Chart: Kip McGrath Education Centres
If you want to buy shares, you have to dig into the history of a company and also track its share price. You need to familiarise yourself with the business. When I said that one of the founders still owns a third of the company, that can be good and bad. On the good side, it means they’re still driving the business and hopefully doing that with passion. But with the son CEO, it could mean it’s still a family business and that potentially could hold it back — maybe not enough independent thinking there.
Tony Featherstone is a respected financial journalist and he thinks this company is well placed to benefit from COVID-19 changes to learning. Let’s see why Tony thinks this.

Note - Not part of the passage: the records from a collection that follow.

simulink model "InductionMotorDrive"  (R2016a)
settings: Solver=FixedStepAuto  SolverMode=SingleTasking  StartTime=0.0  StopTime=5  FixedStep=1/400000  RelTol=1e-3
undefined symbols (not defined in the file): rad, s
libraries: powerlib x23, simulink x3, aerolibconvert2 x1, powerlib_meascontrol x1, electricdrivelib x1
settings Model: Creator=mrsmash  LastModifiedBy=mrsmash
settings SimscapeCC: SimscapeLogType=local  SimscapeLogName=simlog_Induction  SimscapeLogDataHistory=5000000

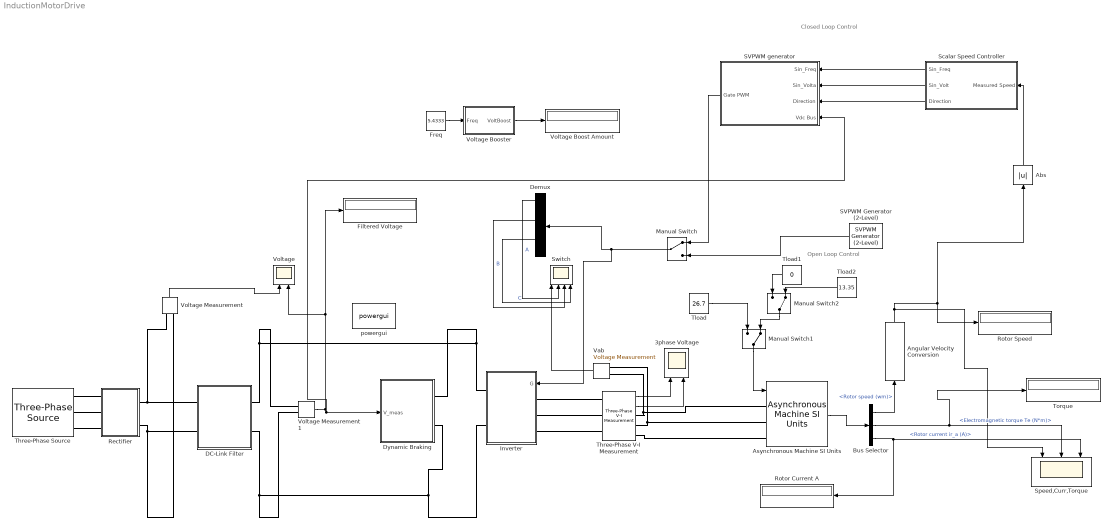
== system InductionMotorDrive ==
  note: Closed Loop Control
  note: Open Loop Control
  3phase Voltage : Scope  NumInputPorts=2
  Abs : Abs
  Angular Velocity Conversion : aerolibconvert2/Angular Velocity Conversion  IU=rad/s  OU=rpm
  Asynchronous Machine SI Units : powerlib/Machines/Asynchronous Machine SI Units  RotorType=Squirrel-cage  PresetModel=No  MechanicalLoad=Torque Tm  ShowDetailedParameters=on  ReferenceFrame=Rotor  Units=SI  MeasurementBus=off  NominalParameters=[4000 400 50]  Stator=[1.405 0.005839]  Rotor=[1.395 0.005839]  Cage1=[0.4155 0.002066]  Cage2=[0.4168 0.0003495]  Lm=0.1722  Mechanical=[0.04 0.002985 2]  PolePairs=2  InitialConditions=[1 0 0 0 0 0 0 0]  SimulateSaturation=off  Saturation=[14.03593122, 27.81365428, 53.79336849, 72.68890987, 97.98006896, 148.6815601, 215.7428561, 302.9841135, 428.7778367 ; 230, 322, 414, 460, 506, 552, 598, 644, 690]  LoadFlowParameters=1492000  TsPowergui=0  TsBlock=-1  IterativeModel=Trapezoidal non iterative  IterativeDiscreteModel=Trapezoidal non iterative  Pmec=1.492e+006
  Bus Selector : BusSelector  OutputSignals=Mechanical.Rotor speed (wm),Mechanical.Electromagnetic torque Te (N*m),Rotor measurements.Rotor current ir_a (A)
  DC-Link Filter : Subsystem
  Demux : Demux  Outputs=6
  Dynamic Braking : Subsystem
  Filtered Voltage : Display
  Freq : Constant  Value=5.4333
  Inverter : Subsystem
  Manual Switch : ManualSwitch
  Manual Switch1 : ManualSwitch  CurrentSetting=0
  Manual Switch2 : ManualSwitch  CurrentSetting=0
  Rectifier : Subsystem
  Rotor Current A : Display
  Rotor Speed : Display
  SVPWM Generator (2-Level) : powerlib_meascontrol/Pulse & Signal Generators/SVPWM Generator (2-Level)  InputType=Internally generated  SwitchingPattern=Pattern #2  Fc=10e3  ParUref=[0.1072985 0 5.43]  Ts=0
  SVPWM generator : Subsystem
  Scalar Speed Controller : Subsystem
  Speed,Curr,Torque : Scope  NumInputPorts=3
  Switch : Scope  NumInputPorts=4
  Three-Phase V-I Measurement : powerlib/Measurements/Three-Phase V-I Measurement  VoltageMeasurement=phase-to-ground  SetLabelV=off  LabelV=Vabc  Vpu=off  VpuLL=off  CurrentMeasurement=yes  SetLabelI=off  LabelI=Iabc  Ipu=off  Pbase=100e6  Vbase=500e3  OutputType=Complex  PhasorSimulation=off  PSBequivalent=0
  Three-Phase Source : powerlib/Electrical Sources/Three-Phase Source  InternalConnection=Yg  VoltagePhases=on  Voltage=25e3  PhaseAngle=0  Voltage_phases=[690 690 690]/sqrt(3)  PhaseAngles_phases=[0 -120 +120]  Frequency=50  NonIdealSource=off  SpecifyImpedance=off  Resistance=0.8929  Inductance=16.58e-3  ShortCircuitLevel=100e6  BaseVoltage=25e3  XRratio=7  BusType=swing  Pref=10e3  Qref=0  Prefabc=[10e3, 10e3, 10e3]  Qrefabc=[0, 0, 0]  Qmin=-inf  Qmax=inf
  Tload : Constant  Value=26.7
  Tload1 : Constant  Value=0
  Tload2 : Constant  Value=13.35
  Torque : Display
  Vab : powerlib/Measurements/Voltage Measurement  PhasorSimulation=off  OutputType=Complex  PSBequivalent=0
  Voltage : Scope  NumInputPorts=2
  Voltage Boost Amount : Display
  Voltage Booster : Subsystem
  Voltage Measurement : powerlib/Measurements/Voltage Measurement  PhasorSimulation=off  OutputType=Complex  PSBequivalent=0
  Voltage Measurement1 : powerlib/Measurements/Voltage Measurement  PhasorSimulation=off  OutputType=Complex  PSBequivalent=0
  powergui : powerlib/powergui  Priority=1  SimulationMode=Discrete  SolverType=Tustin/Backward Euler (TBE)  SampleTime=1/400000  frequency=60  SPID=on  DisableSnubberDevices=on  DisableRonSwitches=off  DisableVfSwitches=off  SwTol=0  DisplayEquations=off  Interpol=off  ExternalGateDelay=off  methode=off  Ts=10  FunctionMessages=off  echomessages=off  HookPort=off  EnableUseOfTLC=off  x0status=blocks  frequencyindice=50  Pbase=100e6  ErrMax=1e-4  Iterations=50  UnitsV=kV  UnitsW=MW  buscounter=0  RestoreLinks=warning  ResistiveCurrentMeasurement=off  Frange=[0:2:500]  Ylog=off  Xlog=on  ShowGrid=off  save=off  variable=ZData  structure=CurrAndVolt  ZoomFFT=off  StartTime=1.114  cycles=1  DisplayStyle=1  fundamental=50  FreqAxis=on  MaxFrequency=1500  frequencyindicesteady=1  RmsSteady=1  display=off
  wires:
  Voltage Measurement/1 -> Voltage/1
  Three-Phase V-I Measurement/1 -> 3phase Voltage/1
  Three-Phase V-I Measurement/2 -> 3phase Voltage/2
  Asynchronous Machine SI Units/1 -> Bus Selector/1
  Bus Selector/1 -> Angular Velocity Conversion/1  "<Rotor speed (wm)>"
  Bus Selector/2 -> Speed,Curr,Torque/2, Torque/1  "<Electromagnetic torque Te (N*m)>"
  Bus Selector/3 -> Speed,Curr,Torque/3, Rotor Current A/1  "<Rotor current ir_a (A)>"
  Scalar Speed Controller/2(Sin_Volt) -> SVPWM generator/2(Sin_Volta)
  SVPWM generator/1(Gate PWM) -> Manual Switch/1
  Scalar Speed Controller/3(Direction) -> SVPWM generator/3(Direction)
  Voltage Measurement1/1 -> Voltage/2, Filtered Voltage/1, SVPWM generator/4(Vdc Bus), Dynamic Braking/1(V_meas)
  SVPWM Generator (2-Level)/1 -> Manual Switch/2
  Scalar Speed Controller/1(Sin_Freq) -> SVPWM generator/1(Sin_Freq)
  Manual Switch/1 -> Inverter/1(G), Demux/1
  Demux/1 -> Switch/2  "A"
  Demux/3 -> Switch/3  "B"
  Demux/5 -> Switch/4  "C"
  Vab/1 -> Switch/1
  Manual Switch1/1 -> Asynchronous Machine SI Units/1
  Tload/1 -> Manual Switch1/1
  Angular Velocity Conversion/1 -> Speed,Curr,Torque/1, Abs/1, Rotor Speed/1
  Manual Switch2/1 -> Manual Switch1/2
  Tload2/1 -> Manual Switch2/2
  Tload1/1 -> Manual Switch2/1
  Freq/1 -> Voltage Booster/1(Freq)
  Voltage Booster/1(VoltBoost) -> Voltage Boost Amount/1
  Abs/1 -> Scalar Speed Controller/1(Measured Speed)
  connections:
  Rectifier/RConn1 -- Voltage Measurement/LConn1 -- DC-Link Filter/LConn1
  Voltage Measurement/LConn2 -- Rectifier/RConn2 -- DC-Link Filter/LConn2
  Dynamic Braking/RConn2 -- Inverter/RConn2 -- DC-Link Filter/RConn2 -- Voltage Measurement1/LConn2
  Voltage Measurement1/LConn1 -- DC-Link Filter/RConn1 -- Dynamic Braking/RConn1 -- Inverter/RConn1
  Three-Phase Source/RConn3 -- Rectifier/LConn3
  Three-Phase Source/RConn2 -- Rectifier/LConn2
  Three-Phase Source/RConn1 -- Rectifier/LConn1
  Vab/LConn2 -- Three-Phase V-I Measurement/RConn2 -- Asynchronous Machine SI Units/LConn2
  Three-Phase V-I Measurement/RConn3 -- Asynchronous Machine SI Units/LConn3
  Three-Phase V-I Measurement/RConn1 -- Asynchronous Machine SI Units/LConn1 -- Vab/LConn1
  Three-Phase V-I Measurement/LConn3 -- Inverter/LConn3
  Three-Phase V-I Measurement/LConn2 -- Inverter/LConn2
  Inverter/LConn1 -- Three-Phase V-I Measurement/LConn1

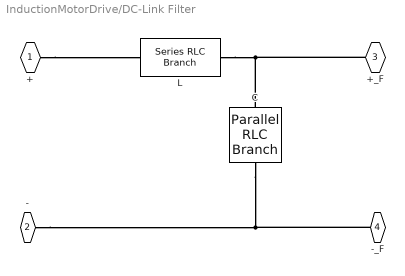
== system InductionMotorDrive/DC-Link Filter ==
  C : powerlib/Elements/Parallel RLC Branch  LConnTagsString=a  RConnTagsString=__new0  BranchType=C  Resistance=1  Inductance=1e-3  SetiL0=off  InitialCurrent=0  Capacitance=15e-3  Setx0=on  InitialVoltage=900  Measurements=None
  L : powerlib/Elements/Series RLC Branch  LConnTagsString=__new0  RConnTagsString=__new0  BranchType=L  Resistance=1  Inductance=1e-3  SetiL0=off  InitialCurrent=0  Capacitance=1e-6  Setx0=off  InitialVoltage=0  Measurements=None
  + : PMIOPort  Port=1  Side=Left
  - : PMIOPort  Port=2  Side=Left
  +_F : PMIOPort  Port=3  Side=Right
  -_F : PMIOPort  Port=4  Side=Right
  connections:
  +/RConn1 -- L/LConn1
  C/LConn1 -- L/RConn1 -- +_F/RConn1
  -/RConn1 -- C/RConn1 -- -_F/RConn1

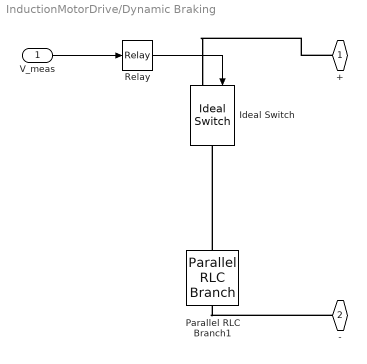
== system InductionMotorDrive/Dynamic Braking ==
  V_meas : Inport
  Ideal Switch : powerlib/Power Electronics/Ideal Switch  Ron=0.000001  Lon=0  IC=0  Rs=1e5  Cs=inf  Measurements=off
  Parallel RLC Branch1 : powerlib/Elements/Parallel RLC Branch  LConnTagsString=a  RConnTagsString=__new0  BranchType=R  Resistance=0.75  Inductance=1e-3  SetiL0=off  InitialCurrent=0  Capacitance=3.9e-3  Setx0=on  InitialVoltage=535  Measurements=None
  Relay : Relay  OnSwitchValue=1000  OffSwitchValue=900
  + : PMIOPort  Port=1  Side=Right
  - : PMIOPort  Port=2  Side=Right
  wires:
  Relay/1 -> Ideal Switch/1
  V_meas/1 -> Relay/1
  connections:
  Parallel RLC Branch1/LConn1 -- Ideal Switch/RConn1
  +/RConn1 -- Ideal Switch/LConn1
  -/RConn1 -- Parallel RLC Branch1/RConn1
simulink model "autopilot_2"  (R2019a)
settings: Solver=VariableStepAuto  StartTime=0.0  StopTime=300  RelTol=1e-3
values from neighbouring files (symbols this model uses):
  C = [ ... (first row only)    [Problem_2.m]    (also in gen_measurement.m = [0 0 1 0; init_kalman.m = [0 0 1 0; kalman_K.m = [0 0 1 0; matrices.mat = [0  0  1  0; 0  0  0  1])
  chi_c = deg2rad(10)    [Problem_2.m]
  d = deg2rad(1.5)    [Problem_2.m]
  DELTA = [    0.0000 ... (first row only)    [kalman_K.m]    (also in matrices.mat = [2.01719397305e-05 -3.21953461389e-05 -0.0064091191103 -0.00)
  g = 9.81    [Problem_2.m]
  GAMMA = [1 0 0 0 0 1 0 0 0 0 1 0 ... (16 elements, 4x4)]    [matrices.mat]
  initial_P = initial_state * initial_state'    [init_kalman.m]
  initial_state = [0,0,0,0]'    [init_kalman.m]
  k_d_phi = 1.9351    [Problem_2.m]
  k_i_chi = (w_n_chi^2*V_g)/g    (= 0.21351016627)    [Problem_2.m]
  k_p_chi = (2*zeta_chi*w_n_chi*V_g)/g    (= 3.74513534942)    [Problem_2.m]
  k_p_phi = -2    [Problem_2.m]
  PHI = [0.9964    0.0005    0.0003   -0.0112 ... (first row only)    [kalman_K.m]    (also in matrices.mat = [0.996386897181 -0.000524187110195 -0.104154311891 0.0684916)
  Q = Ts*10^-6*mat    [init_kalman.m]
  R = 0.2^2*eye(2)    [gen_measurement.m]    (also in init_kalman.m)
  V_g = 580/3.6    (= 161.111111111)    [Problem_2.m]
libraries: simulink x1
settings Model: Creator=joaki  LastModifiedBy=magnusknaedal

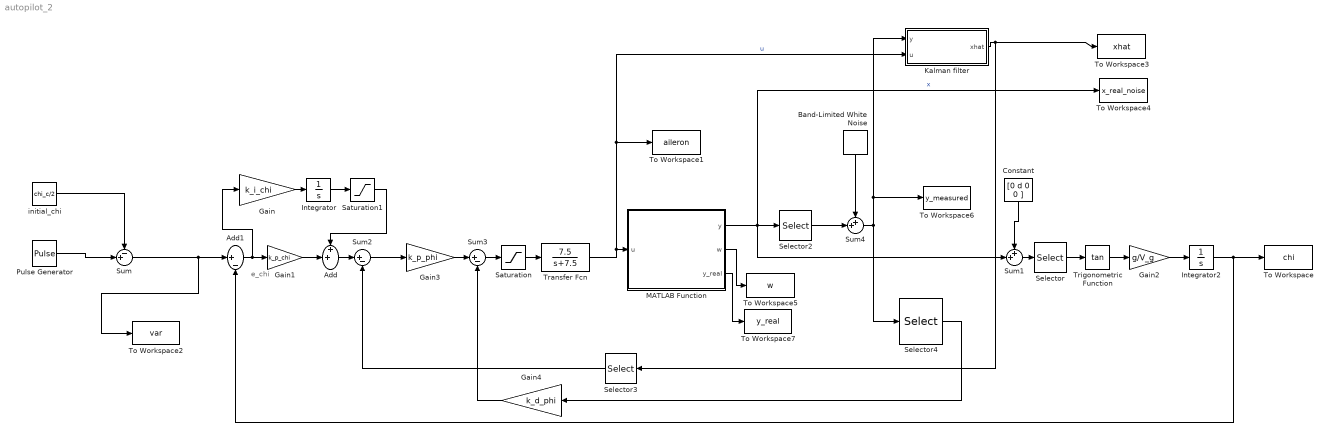
== system autopilot_2 ==
  note: e_chi
  Add : Sum  Inputs=++|
  Add1 : Sum  Inputs=|+-
  Band-Limited White Noise : simulink/Sources/Band-Limited White Noise  Cov=[0.0035]  Ts=0.01  seed=[23341]
  Constant : Constant  Value=[0 d 0 0 ]
  Gain : Gain  Gain=k_i_chi
  Gain1 : Gain  Gain=k_p_chi
  Gain2 : Gain  Gain=g/V_g
  Gain3 : Gain  Gain=k_p_phi
  Gain4 : Gain  Gain=k_d_phi
  Integrator : Integrator
  Integrator2 : Integrator
  Kalman filter : Subsystem
  MATLAB Function : MATLAB Function  TreatAsAtomicUnit=on
  Pulse Generator : DiscretePulseGenerator  PulseType=Time based  Amplitude=chi_c  Period=200  PulseWidth=50
  Saturation : Saturate  UpperLimit=30*pi/180  LowerLimit=-30*pi/180
  Saturation1 : Saturate  UpperLimit=inf  LowerLimit=-inf
  Selector : Selector  InputPortWidth=4  IndexOptions=Index vector (dialog)  Indices=[2]  OutputSizes=1
  Selector2 : Selector  InputPortWidth=4  IndexOptions=Index vector (dialog)  Indices=[3 4]  OutputSizes=1
  Selector3 : Selector  InputPortWidth=4  IndexOptions=Index vector (dialog)  Indices=[2]  OutputSizes=1
  Selector4 : Selector  InputPortWidth=2  IndexOptions=Index vector (dialog)  Indices=[1]  OutputSizes=1
  Sum : Sum  Inputs=-+|
  Sum1 : Sum  Inputs=++|
  Sum2 : Sum  Inputs=|+-
  Sum3 : Sum  Inputs=|+-
  Sum4 : Sum  Inputs=++|
  To Workspace : ToWorkspace  VariableName=chi  SaveFormat=Timeseries  SampleTime=-1
  To Workspace1 : ToWorkspace  VariableName=aileron  SaveFormat=Timeseries  SampleTime=-1
  To Workspace2 : ToWorkspace  VariableName=var  SaveFormat=Structure With Time  SampleTime=-1
  To Workspace3 : ToWorkspace  VariableName=xhat  SaveFormat=Timeseries  SampleTime=-1
  To Workspace4 : ToWorkspace  VariableName=x_real_noise  SaveFormat=Timeseries  SampleTime=-1
  To Workspace5 : ToWorkspace  VariableName=w  SaveFormat=Timeseries  SampleTime=-1
  To Workspace6 : ToWorkspace  VariableName=y_measured  SaveFormat=Timeseries  SampleTime=-1
  To Workspace7 : ToWorkspace  VariableName=y_real  SaveFormat=Timeseries  SampleTime=-1
  Transfer Fcn : TransferFcn  Numerator=[7.5]  Denominator=[1 7.5]
  Trigonometric Function : Trigonometry  Operator=tan
  "initial_chi " : Constant  Value=chi_c/2
  wires:
  Gain/1 -> Integrator/1
  Add1/1 -> Gain/1, Gain1/1
  Integrator2/1 -> To Workspace/1, Add1/2
  Gain2/1 -> Integrator2/1
  Trigonometric Function/1 -> Gain2/1
  Saturation/1 -> Transfer Fcn/1
  Selector/1 -> Trigonometric Function/1
  Sum1/1 -> Selector/1
  Pulse Generator/1 -> Sum/2
  "initial_chi "/1 -> Sum/1
  Sum/1 -> Add1/1, To Workspace2/1
  Transfer Fcn/1 -> Kalman filter/2(u), To Workspace1/1, MATLAB Function/1(u)  "u"
  Integrator/1 -> Saturation1/1
  Saturation1/1 -> Add/1
  Sum2/1 -> Gain3/1
  Sum3/1 -> Saturation/1
  MATLAB Function/1(y) -> To Workspace4/1, Sum1/2, Selector2/1  "x"
  Selector4/1 -> Gain4/1
  Gain4/1 -> Sum3/2
  Gain1/1 -> Add/2
  Add/1 -> Sum2/1
  Gain3/1 -> Sum3/1
  Selector2/1 -> Sum4/2
  Band-Limited White Noise/1 -> Sum4/1
  Sum4/1 -> Selector4/1, To Workspace6/1, Kalman filter/1(y)
  MATLAB Function/2(w) -> To Workspace5/1
  MATLAB Function/3(y_real) -> To Workspace7/1
  Selector3/1 -> Sum2/2
  Kalman filter/1(xhat) -> To Workspace3/1, Selector3/1
  Constant/1 -> Sum1/1

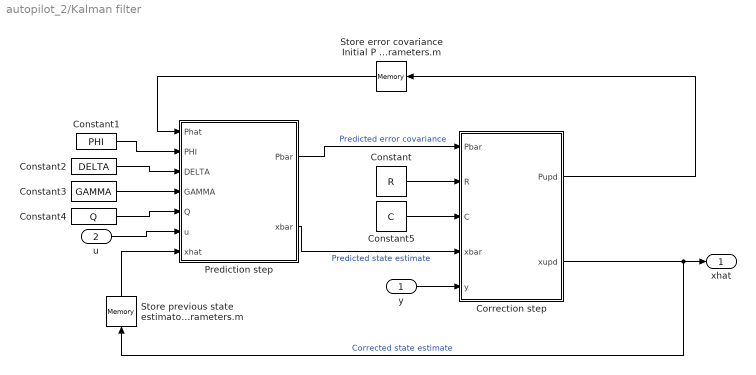
== system autopilot_2/Kalman filter ==
  y : Inport
  u : Inport  Port=2
  Constant : Constant  Value=R
  Constant1 : Constant  Value=PHI
  Constant2 : Constant  Value=DELTA
  Constant3 : Constant  Value=GAMMA
  Constant4 : Constant  Value=Q
  Constant5 : Constant  Value=C
  Correction step : MATLAB Function  TreatAsAtomicUnit=on
  Prediction step : MATLAB Function  TreatAsAtomicUnit=on
  Store error covariance Initial P set in parameters.m : Memory  InitialCondition=initial_P
  Store previous state estimaton Initial state set in parameters.m : Memory  InitialCondition=initial_state
  xhat : Outport
  wires:
  u/1 -> Prediction step/6(u)
  Store previous state estimaton Initial state set in parameters.m/1 -> Prediction step/7(xhat)
  Prediction step/2(xbar) -> Correction step/4(xbar)  "Predicted state estimate"
  Prediction step/1(Pbar) -> Correction step/1(Pbar)  "Predicted error covariance"
  Correction step/1(Pupd) -> Store error covariance Initial P set in parameters.m/1
  y/1 -> Correction step/5(y)
  Correction step/2(xupd) -> Store previous state estimaton Initial state set in parameters.m/1, xhat/1  "Corrected state estimate"
  Store error covariance Initial P set in parameters.m/1 -> Prediction step/1(Phat)
  Constant/1 -> Correction step/2(R)
  Constant1/1 -> Prediction step/2(PHI)
  Constant2/1 -> Prediction step/3(DELTA)
  Constant3/1 -> Prediction step/4(GAMMA)
  Constant4/1 -> Prediction step/5(Q)
  Constant5/1 -> Correction step/3(C)

== matlab function autopilot_2/Kalman filter/Correction step ==
  data: Pbar input; R input; C input; xbar input; Pupd output; y input; xupd output
function [Pupd, xupd] = update(Pbar,R, C,xbar,y)
% returns the mean and covariance after correcting based on the
% measurement, ref Fossen 2011 table 11.1

K = (Pbar * C')/(C * Pbar * C' + R);
xupd = xbar + K * (y - C * xbar);

I = eye(size(Pbar));
Pupd = (I - K * C) * Pbar * (I - K * C)' + K*R*K';

end

== matlab function autopilot_2/MATLAB Function ==
  settings: updateMethod=DISCRETE
  data: u input; y output; w output; y_real output
function [y, w, y_real] = state_space(u)
% Generate the output of the state space

    % Persistent variables to be kept between function calls
    persistent counter; % Variable for checking if it is the first iteration.
    persistent x;       % The state x
    persistent x_real;
    
   % The next line is necessary for generating unique process noise for every simulation.
   % Otherwise, the noise will be equal every time you run the simulation,
   % even though it is white. This has to do with how Matlab generates
   % random numbers. 
   coder.extrinsic('randn','rng');
    
    h = 0.01;       % Time step of Euler integration
    delta_a_c = u;  % Aileron input
    Ed = eye(5);
    if isempty(counter)
      % First iteration
        counter = 1;
           
        % Initialize state space
        x = zeros(5,1);
        w = zeros(5,1); 
        x_real = zeros(5,1);
        rng('shuffle'); % Necessary for generating unique process noise for every simulation.
    else
        % State-space matrices
        A = [-0.322, 0.052, 0.028, -1.12, 0.002;
             0, 0, 1, -0.001, 0;
             -10.6, 0, -2.87, 0.46, -0.65;
             6.87, 0, -0.04, -0.32, -0.02;
             0, 0, 0, 0, -7.5];
 
        B = [0; 0; 0; 0; 7.5;];
        
        E = eye(5);
        
        % Discrete version
        Ad = eye(5) + h*A;
        Bd = h*B;
        Ed = E;
        
        % The Qd matrix in the assignment is given directly in discrete-time here and
        % therefore, it is not necessary to discretize E.
        Qd = h*10^-6*[0.001, 0, 0, 0, 0;
                  0, 1, 0, 0, 0;
                  0, 0, 100, 0, 0;
                  0, 0, 0, 10, 0;
                  0, 0, 0, 0, 0];
          
        w = sqrt(Qd)*randn(5,1,1); % The standard deviation must be multiplied with random numbers with a zero-mean unit variance random number to generate process noise. 
        
        % Discrete-time state space update
        x_real = Ad*x_real + Bd * delta_a_c;
        x = Ad*x + Bd * delta_a_c + Ed*w;
        
    end
    y = x(1:4); % Return every state except the actuator state.
    
    y_real = x_real(1:4);
    %w = w;
    
end

== matlab function autopilot_2/Kalman filter/Prediction step ==
  data: Pbar output; Phat input; PHI input; DELTA input; GAMMA input; Q input; u input; xhat input; xbar output
function [Pbar, xbar] = predict(Phat,PHI,DELTA,GAMMA,Q,u, xhat)
% returns the predicted mean (=state) and covariance (-covariance of 
% predicted state estimate error) for a time step Ts, ref Fossen 2011 table 11.1

% PREDICTION
xbar = PHI * xhat + DELTA * u;
Pbar = PHI * Phat * PHI' + GAMMA * Q * GAMMA';

end

“There’s no doubt many kids will fall behind because some schools has poor online teaching facilities and digital skills. Or because some kids have slackened off and escaped their teacher’s attention in online schooling,” Tony observed.
“The online-learning boom could be the making of Kip McGrath. A company that for years relied on “shopfront” learning services looks far more interesting as an educational technology (edtech) play,” he added.
Tony said that the jump in online lessons was a good push for Kip McGrath, with growth in June 2020 up almost 300%, year-on-year (albeit off a low base). He believes online learning will boost the company’s margins and profitability.
“The easing of COVID-19 restrictions over the next few months (even in Victoria!) should help Kip McGrath in three ways:
1. There should be a recovery in Australian and New Zealand lesson numbers when more students can physically attend tutorials. Kip McGrath said lessons were at 80% of pre-COVID volumes in August. The bounce-back should be even greater in markets such as the United Kingdom, where Kip McGrath operates.
2. Parents will seek additional learning services to help their kids catch up on lost learning during the pandemic.
3. COVID-19 has accelerated the move to online learning and its community acceptance. Having watched their kids learn online, many parents realise digital platforms will become a bigger part of the learning mix.
“That’s good news for Kip McGrath and other corporate-owned tutors that can provide additional online learning at scale, or blend face-to-face and digital teaching,” Tony said.
All that sounds pretty good but never look at just the positives. You must always check out what could go wrong because it’s these things that will affect its share prices. This company has some major competitors that it has to deal with like IDP Education (the leader of the pack) and 3P Learning to name just two. In fact, Australia has more than 600 edtech companies and that’s just a drop in the ocean compared to the global number! And Tony has reported that the edtech sector is behind the curve when it comes to digital transformation, which requires a lot of money to do. And he notes that educational providers are risk averse.
So I’m not saying for a second that you should buy this stock. Far from it. This is a stock suited to experienced investors who understand the risks in investing in smaller companies like this.
What I am saying is that you’ve got to do your homework and lots of it. Even while writing this article, I learned a lot about edtechs — and I’ll be a bit gun shy putting my money there.
Never buy anything without getting good advice — that’s a not negotiable rule. You must do your research and that entails a lot of work beyond what I’ve written.
Use these articles as a base for understanding what you need to do BEFORE you take the plunge and buy a stock. Do that and you’re heading in the right direction to make money from shares.
And finally, start looking around at what people use and buy and that will start to give you an inkling into potential shares to put on your watchlist.
Hope you’ve learned something here. I’ll be back with more!
Important: This content has been prepared without taking account of the objectives, financial situation or needs of any particular individual. It does not constitute formal advice. Consider the appropriateness of the information in regard to your circumstances.